Discretize a circle on a sphere with a given center and radius I would like to draw a discretized circle on the surface of a sphere (the Earth in that case). 
The input of the algorithm would be the center of the circle (expressed as longitude and latitude), the radius (expressed in meters),  and the number of points to calculate.
The output would be the coordinates of each calculated point.
I am guessing this involve the Great Circle formula but I can't see how. Any help would be appreciated.
Regards
 A: The easiest way to do this would probably be to first find the coordinates of a circle at one of the poles, and then use rotation matrix transforms to move the circle to the desired location.
At a pole, the points have coordinates:
$$(r\cos\phi,r\sin\phi,\sqrt{R^2-r^2})$$
Which you can evenly space by using $\phi=2n\pi/N$.
Once you have an array of points, you want to transform each point by rotating it around the $X$ axis $\pi-\theta_{lat}$ degrees, and then around the $Z$ axis $\phi_{long}$ degrees.
A: Let $p(\theta, \phi) = r(\cos \phi \cos \theta, -\cos \phi \sin \theta,\sin \phi)$ (latitude is $\phi$ measured north, longitude is $\theta$ measured west, the point $0°$, $0 °$ corresponds to $(r,0,0)$, the north pole is $(0,0,r)$).
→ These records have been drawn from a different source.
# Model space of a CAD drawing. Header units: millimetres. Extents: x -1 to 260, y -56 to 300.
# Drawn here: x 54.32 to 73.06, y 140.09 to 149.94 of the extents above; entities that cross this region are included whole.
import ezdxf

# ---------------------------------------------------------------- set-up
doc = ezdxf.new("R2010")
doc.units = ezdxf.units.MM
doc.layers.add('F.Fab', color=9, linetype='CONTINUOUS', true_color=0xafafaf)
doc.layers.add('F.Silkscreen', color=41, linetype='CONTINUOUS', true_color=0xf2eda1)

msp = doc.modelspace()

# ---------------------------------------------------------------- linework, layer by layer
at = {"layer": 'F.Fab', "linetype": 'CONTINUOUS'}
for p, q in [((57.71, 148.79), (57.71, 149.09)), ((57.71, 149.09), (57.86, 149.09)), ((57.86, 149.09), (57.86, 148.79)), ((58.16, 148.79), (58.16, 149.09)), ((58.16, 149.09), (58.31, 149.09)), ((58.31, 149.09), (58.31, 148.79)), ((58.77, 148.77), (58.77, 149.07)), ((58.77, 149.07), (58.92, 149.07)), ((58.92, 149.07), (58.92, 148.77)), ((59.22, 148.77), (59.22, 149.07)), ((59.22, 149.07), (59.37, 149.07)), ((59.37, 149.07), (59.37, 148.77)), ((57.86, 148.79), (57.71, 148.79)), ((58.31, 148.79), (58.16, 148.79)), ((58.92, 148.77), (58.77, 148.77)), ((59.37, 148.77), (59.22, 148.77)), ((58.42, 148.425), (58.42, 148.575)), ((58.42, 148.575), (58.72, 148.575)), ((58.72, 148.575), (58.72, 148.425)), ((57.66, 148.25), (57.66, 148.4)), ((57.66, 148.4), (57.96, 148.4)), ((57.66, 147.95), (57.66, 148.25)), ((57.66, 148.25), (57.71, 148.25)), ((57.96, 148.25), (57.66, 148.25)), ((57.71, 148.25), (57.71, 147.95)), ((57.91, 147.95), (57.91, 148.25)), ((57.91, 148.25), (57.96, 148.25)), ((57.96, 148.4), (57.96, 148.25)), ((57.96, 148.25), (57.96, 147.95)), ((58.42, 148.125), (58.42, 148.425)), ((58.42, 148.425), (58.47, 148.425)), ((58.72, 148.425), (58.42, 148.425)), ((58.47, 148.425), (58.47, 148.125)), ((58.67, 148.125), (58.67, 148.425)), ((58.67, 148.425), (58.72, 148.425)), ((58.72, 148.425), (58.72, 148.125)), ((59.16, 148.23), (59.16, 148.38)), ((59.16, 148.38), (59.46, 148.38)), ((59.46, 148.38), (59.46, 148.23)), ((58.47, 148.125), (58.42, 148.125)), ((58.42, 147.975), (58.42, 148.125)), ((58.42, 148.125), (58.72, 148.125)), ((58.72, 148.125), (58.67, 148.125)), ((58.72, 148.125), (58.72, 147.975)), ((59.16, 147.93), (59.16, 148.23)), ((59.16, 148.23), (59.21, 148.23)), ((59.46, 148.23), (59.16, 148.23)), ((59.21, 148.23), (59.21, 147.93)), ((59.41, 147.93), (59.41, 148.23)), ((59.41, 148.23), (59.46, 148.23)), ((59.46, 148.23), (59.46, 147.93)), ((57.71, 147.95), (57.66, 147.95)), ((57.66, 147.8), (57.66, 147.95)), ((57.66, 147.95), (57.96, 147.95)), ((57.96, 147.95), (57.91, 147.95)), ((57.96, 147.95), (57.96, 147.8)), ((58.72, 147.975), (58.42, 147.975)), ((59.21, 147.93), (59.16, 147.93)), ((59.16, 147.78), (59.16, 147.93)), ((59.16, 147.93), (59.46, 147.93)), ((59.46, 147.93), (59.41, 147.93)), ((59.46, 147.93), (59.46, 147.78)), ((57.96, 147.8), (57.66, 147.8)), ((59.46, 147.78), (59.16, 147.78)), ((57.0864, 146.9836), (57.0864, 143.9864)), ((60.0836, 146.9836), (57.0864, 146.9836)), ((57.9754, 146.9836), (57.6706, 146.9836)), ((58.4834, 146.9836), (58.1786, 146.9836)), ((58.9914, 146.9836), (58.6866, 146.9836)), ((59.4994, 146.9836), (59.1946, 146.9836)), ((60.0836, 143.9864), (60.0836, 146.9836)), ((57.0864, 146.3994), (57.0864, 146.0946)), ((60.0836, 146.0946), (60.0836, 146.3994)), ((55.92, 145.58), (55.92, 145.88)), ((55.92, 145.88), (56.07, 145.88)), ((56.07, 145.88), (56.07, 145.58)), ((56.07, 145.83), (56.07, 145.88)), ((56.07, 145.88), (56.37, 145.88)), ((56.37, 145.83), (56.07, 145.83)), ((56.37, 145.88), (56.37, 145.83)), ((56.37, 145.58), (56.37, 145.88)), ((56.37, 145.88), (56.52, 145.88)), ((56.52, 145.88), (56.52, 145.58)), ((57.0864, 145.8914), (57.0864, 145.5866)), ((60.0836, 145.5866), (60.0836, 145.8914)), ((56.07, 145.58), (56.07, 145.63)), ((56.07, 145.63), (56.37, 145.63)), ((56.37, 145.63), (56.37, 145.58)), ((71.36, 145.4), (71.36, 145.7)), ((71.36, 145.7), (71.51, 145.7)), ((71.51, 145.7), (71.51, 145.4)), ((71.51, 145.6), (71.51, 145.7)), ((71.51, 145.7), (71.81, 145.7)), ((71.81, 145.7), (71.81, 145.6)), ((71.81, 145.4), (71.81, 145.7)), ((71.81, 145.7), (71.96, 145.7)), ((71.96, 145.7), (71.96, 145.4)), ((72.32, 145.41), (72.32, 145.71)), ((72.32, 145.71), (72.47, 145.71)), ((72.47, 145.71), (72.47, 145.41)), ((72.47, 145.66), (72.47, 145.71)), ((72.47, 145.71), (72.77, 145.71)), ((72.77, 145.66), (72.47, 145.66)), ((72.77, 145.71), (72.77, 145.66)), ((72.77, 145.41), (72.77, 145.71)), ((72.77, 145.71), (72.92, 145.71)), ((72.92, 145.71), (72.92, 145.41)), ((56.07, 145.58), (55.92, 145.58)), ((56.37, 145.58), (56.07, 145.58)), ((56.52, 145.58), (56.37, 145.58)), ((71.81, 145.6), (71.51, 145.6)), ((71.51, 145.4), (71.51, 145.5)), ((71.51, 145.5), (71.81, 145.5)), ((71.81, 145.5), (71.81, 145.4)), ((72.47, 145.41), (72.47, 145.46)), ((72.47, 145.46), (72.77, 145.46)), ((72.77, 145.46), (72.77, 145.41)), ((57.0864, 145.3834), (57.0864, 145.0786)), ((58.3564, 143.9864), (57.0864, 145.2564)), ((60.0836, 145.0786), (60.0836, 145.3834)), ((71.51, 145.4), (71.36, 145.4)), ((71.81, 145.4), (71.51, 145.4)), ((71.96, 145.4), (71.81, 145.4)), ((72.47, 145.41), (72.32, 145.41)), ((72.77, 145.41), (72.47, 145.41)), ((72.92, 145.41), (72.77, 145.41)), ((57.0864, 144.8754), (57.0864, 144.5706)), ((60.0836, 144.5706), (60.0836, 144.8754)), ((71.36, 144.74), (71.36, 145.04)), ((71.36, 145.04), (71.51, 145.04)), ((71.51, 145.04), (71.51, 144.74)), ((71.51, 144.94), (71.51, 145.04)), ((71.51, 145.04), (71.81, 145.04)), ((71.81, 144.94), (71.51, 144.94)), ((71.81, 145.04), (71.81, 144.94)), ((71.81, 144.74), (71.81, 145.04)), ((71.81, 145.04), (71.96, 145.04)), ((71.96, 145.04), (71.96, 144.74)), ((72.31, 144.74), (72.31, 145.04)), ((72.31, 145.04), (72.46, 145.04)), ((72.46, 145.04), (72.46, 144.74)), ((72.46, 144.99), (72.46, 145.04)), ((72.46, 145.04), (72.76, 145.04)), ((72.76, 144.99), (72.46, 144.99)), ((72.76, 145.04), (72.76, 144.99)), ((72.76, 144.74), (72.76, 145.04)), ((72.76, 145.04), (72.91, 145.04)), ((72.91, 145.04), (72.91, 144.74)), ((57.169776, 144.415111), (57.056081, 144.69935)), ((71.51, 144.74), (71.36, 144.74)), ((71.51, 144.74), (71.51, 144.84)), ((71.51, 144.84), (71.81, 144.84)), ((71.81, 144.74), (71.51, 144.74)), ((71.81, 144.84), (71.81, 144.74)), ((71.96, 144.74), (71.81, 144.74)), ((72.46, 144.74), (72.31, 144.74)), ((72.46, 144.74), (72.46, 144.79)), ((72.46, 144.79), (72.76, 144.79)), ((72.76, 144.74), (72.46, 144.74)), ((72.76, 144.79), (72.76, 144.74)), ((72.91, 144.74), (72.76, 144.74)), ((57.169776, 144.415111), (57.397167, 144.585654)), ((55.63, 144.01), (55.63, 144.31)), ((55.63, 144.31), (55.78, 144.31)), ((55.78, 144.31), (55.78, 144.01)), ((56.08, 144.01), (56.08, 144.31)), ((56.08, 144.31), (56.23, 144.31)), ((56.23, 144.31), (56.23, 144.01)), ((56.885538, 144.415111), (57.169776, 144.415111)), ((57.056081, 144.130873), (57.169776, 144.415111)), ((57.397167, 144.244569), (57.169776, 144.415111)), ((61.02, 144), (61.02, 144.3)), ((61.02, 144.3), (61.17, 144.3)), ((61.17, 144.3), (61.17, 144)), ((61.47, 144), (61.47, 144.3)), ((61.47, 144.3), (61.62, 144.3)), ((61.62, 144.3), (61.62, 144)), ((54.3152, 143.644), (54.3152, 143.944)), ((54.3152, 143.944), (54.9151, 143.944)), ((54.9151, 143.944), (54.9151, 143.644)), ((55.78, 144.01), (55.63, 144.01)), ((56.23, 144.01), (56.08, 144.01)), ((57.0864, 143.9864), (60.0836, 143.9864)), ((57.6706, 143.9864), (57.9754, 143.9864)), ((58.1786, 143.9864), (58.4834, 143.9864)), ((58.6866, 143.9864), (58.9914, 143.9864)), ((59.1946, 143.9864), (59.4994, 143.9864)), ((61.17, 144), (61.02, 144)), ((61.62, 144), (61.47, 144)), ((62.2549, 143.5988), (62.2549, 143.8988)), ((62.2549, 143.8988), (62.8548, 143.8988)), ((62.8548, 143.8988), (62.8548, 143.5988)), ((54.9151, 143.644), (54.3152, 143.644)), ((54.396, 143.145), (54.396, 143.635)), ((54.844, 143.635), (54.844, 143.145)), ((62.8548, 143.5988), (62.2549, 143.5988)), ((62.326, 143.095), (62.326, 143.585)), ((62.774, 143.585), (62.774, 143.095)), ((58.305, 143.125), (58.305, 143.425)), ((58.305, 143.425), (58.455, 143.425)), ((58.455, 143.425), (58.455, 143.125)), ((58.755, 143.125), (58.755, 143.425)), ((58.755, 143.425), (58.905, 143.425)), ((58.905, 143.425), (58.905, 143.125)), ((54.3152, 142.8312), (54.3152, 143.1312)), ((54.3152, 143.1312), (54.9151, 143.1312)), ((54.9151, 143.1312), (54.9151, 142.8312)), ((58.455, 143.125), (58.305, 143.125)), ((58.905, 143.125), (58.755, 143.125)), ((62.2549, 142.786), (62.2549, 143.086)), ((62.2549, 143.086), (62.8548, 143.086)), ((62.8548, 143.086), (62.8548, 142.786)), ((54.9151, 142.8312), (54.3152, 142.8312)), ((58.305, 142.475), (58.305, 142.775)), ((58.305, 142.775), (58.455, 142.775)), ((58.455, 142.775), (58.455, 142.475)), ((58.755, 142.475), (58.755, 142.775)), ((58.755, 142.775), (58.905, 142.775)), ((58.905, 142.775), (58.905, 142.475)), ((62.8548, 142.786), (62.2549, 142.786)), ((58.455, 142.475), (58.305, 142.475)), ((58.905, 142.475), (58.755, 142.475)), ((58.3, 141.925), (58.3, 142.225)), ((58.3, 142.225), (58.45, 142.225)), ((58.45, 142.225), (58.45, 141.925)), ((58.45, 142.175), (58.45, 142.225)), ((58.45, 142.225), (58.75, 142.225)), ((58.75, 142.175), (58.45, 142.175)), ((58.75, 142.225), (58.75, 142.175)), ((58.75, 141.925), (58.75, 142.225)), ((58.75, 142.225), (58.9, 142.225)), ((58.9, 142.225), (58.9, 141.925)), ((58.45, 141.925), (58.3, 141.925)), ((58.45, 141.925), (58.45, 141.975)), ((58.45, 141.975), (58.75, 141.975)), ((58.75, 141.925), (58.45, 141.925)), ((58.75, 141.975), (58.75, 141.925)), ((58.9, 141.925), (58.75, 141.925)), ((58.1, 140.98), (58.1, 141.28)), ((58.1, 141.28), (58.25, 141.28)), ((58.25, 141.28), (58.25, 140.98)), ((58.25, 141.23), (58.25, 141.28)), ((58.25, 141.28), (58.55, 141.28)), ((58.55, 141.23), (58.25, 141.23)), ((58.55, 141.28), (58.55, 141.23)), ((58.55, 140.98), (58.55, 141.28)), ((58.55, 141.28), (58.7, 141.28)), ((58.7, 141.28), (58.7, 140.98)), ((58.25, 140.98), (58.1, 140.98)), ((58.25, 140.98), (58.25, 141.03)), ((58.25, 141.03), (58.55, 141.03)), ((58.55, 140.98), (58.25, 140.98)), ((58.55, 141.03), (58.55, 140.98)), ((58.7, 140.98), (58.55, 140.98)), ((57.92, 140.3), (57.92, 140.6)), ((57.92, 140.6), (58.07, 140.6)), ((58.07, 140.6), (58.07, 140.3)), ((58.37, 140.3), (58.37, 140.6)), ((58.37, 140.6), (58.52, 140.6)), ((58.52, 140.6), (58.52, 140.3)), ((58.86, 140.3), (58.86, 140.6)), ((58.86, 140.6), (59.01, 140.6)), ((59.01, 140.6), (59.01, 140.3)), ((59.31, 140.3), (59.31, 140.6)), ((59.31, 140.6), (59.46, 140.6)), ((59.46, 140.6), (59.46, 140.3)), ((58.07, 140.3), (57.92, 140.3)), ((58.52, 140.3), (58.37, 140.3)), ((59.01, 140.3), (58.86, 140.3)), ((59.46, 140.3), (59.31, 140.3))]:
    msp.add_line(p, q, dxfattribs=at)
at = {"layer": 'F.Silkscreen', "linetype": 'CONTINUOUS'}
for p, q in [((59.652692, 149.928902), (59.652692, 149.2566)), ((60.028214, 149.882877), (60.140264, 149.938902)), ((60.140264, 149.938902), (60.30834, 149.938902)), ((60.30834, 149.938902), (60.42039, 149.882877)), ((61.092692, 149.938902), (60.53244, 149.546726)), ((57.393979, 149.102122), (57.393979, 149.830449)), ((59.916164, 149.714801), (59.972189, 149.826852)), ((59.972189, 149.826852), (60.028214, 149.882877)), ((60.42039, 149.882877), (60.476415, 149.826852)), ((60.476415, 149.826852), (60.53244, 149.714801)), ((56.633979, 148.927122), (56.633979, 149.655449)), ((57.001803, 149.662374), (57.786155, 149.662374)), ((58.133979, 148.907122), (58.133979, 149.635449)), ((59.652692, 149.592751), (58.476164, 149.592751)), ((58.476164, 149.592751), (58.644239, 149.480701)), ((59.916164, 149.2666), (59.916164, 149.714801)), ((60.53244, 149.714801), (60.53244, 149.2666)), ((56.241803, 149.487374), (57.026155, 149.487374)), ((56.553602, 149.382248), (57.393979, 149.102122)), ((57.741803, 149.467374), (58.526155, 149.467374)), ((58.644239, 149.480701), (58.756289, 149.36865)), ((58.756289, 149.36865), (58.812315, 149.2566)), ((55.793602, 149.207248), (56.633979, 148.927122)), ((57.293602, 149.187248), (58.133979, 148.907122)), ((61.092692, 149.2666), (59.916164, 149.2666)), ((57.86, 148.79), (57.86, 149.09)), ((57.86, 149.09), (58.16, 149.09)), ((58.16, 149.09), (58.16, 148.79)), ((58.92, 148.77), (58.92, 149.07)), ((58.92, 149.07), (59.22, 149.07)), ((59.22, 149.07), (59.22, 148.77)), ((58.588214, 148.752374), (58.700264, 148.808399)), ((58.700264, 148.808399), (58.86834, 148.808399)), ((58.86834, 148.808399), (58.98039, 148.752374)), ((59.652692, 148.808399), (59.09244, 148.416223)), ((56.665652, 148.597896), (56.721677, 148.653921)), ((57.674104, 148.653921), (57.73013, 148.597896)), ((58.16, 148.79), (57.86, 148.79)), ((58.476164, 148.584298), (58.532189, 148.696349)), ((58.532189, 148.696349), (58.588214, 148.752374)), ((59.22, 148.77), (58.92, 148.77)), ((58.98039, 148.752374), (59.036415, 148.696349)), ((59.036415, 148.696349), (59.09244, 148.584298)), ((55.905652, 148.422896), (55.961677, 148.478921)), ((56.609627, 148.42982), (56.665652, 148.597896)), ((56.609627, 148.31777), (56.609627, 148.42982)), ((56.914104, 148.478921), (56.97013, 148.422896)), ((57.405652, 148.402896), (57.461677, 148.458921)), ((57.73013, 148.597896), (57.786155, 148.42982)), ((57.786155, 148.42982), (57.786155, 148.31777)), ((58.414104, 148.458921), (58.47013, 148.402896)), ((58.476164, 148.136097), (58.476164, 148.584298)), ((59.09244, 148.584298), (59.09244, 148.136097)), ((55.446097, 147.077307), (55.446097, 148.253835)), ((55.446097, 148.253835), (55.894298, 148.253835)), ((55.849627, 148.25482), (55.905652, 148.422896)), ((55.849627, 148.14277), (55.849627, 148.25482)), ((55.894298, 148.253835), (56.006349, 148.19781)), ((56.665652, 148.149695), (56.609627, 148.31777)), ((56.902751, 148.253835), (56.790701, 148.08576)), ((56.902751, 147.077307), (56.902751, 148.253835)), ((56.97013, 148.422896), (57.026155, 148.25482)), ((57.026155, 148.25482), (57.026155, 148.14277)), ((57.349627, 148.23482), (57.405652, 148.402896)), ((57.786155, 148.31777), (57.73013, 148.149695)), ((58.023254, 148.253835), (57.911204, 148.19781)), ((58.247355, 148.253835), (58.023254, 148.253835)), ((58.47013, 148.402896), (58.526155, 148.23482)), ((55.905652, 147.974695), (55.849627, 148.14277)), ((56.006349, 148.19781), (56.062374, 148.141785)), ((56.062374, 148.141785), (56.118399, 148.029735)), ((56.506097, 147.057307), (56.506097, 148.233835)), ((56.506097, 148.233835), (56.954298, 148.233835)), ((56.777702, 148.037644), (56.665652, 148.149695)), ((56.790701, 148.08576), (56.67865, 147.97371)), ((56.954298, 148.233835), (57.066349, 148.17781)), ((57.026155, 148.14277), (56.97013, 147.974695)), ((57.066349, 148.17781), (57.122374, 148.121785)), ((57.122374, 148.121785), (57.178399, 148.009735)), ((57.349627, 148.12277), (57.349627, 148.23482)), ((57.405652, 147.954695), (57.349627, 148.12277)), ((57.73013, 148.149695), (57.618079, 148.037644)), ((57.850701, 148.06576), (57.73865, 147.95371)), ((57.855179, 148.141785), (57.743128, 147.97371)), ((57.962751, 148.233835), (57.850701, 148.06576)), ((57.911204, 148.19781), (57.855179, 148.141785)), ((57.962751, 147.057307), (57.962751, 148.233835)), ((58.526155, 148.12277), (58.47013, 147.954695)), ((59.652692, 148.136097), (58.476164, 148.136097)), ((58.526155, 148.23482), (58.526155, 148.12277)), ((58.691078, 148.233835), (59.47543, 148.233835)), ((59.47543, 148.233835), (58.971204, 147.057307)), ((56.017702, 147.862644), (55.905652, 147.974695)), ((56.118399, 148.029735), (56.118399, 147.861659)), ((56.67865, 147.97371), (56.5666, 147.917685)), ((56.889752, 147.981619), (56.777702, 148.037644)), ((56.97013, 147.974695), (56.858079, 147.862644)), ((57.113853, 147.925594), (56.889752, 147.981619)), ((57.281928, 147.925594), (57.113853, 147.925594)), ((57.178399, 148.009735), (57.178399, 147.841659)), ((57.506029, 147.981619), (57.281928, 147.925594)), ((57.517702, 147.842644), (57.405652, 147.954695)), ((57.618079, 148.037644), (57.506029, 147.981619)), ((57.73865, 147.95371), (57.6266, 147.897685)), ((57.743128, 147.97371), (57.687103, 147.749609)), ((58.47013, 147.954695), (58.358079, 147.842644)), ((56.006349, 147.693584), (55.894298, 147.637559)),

This gives the $(x,y,z)$ coordinates of the point, where $(0,0,0)$ is the center of the earth.
You are given a center $x_c = p(\theta_c, \phi_c)$, and a distance $d$. The desired circle  consists of all points that are a distance $d$ from $x_c$, lying on the surface, ie, $C = \{x \in \mathbb{R}^3 | \|x\|=r,\ \|x-x_c\| = d \}$.
To parameterize points in $C$, we will express points as $x = \lambda x_c + p$, where $p \bot x_c$. Since $p \bot x_c$, we have $\lambda = \frac{\langle x , x_c \rangle}{\|x_c\|^2} = \frac{\langle x , x_c \rangle}{r^2}$, and since $d^2 = \|x-x_c\|^2 = \|x\|^2 + \|x_c\|^2 - 2 \langle x , x_c \rangle $, we have $\langle x , x_c \rangle = \frac{1}{2}(2 r^2 -d^2)$, hence $\lambda = 1  - \frac{1}{2}(\frac{d}{r})^2$. Since $p \bot x_c$, we also have $\|x\|^2 = |\lambda|^2 \|x_c\|^2 + \|p\|^2$, or $\|p\| = d_\bot = r\sqrt{1-\lambda^2} = d \sqrt{1-(\frac{d}{2r})^2}$.
Now suppose the subspace perpendicular to $x_c$ is given by $\{x_c\}^\bot = \operatorname{sp} \{ p_1, p_2 \}$, where the $p_i$ are orthonormal. Then $C$ can be parameterized by $C = \{\lambda x_c + d_\bot((\cos \alpha) p_1 + (\sin \alpha) p_2) \}_{\alpha \in [0,2 \pi)}$.
To actually do the computation, compute $x_c = p(\theta_c, \phi_c)$, compute one orthonormal vector $p_1 = \frac{p(\theta_c, \phi_c+\frac{\pi}{2})}{\| p(\theta_c, \phi_c+\frac{\pi}{2}) \|}$, and compute $p_2 = \frac{x_c}{r} \times p_1$ ($\times$ is the cross product). To compute $n$ points on the circle, compute $\lambda x_c + d_\bot((\cos (2 \pi \frac{k}{n})) p_1 + (\sin (2 \pi \frac{k}{n})) p_2)$ for $k = 0,...,n-1$.
(To compute the latitude & longitude of a point (x,y,z) on the surface, use $\phi = \arcsin \frac{z}{r}$, $\theta = \operatorname{atan2}(y,x)$.)
Note: The circle radius ($d$ above) is the Euclidean distance. If you want the great circle distance instead, say $\gamma$,  then use $d = 2 r \sin \frac{\gamma}{2r}$ in the above computation.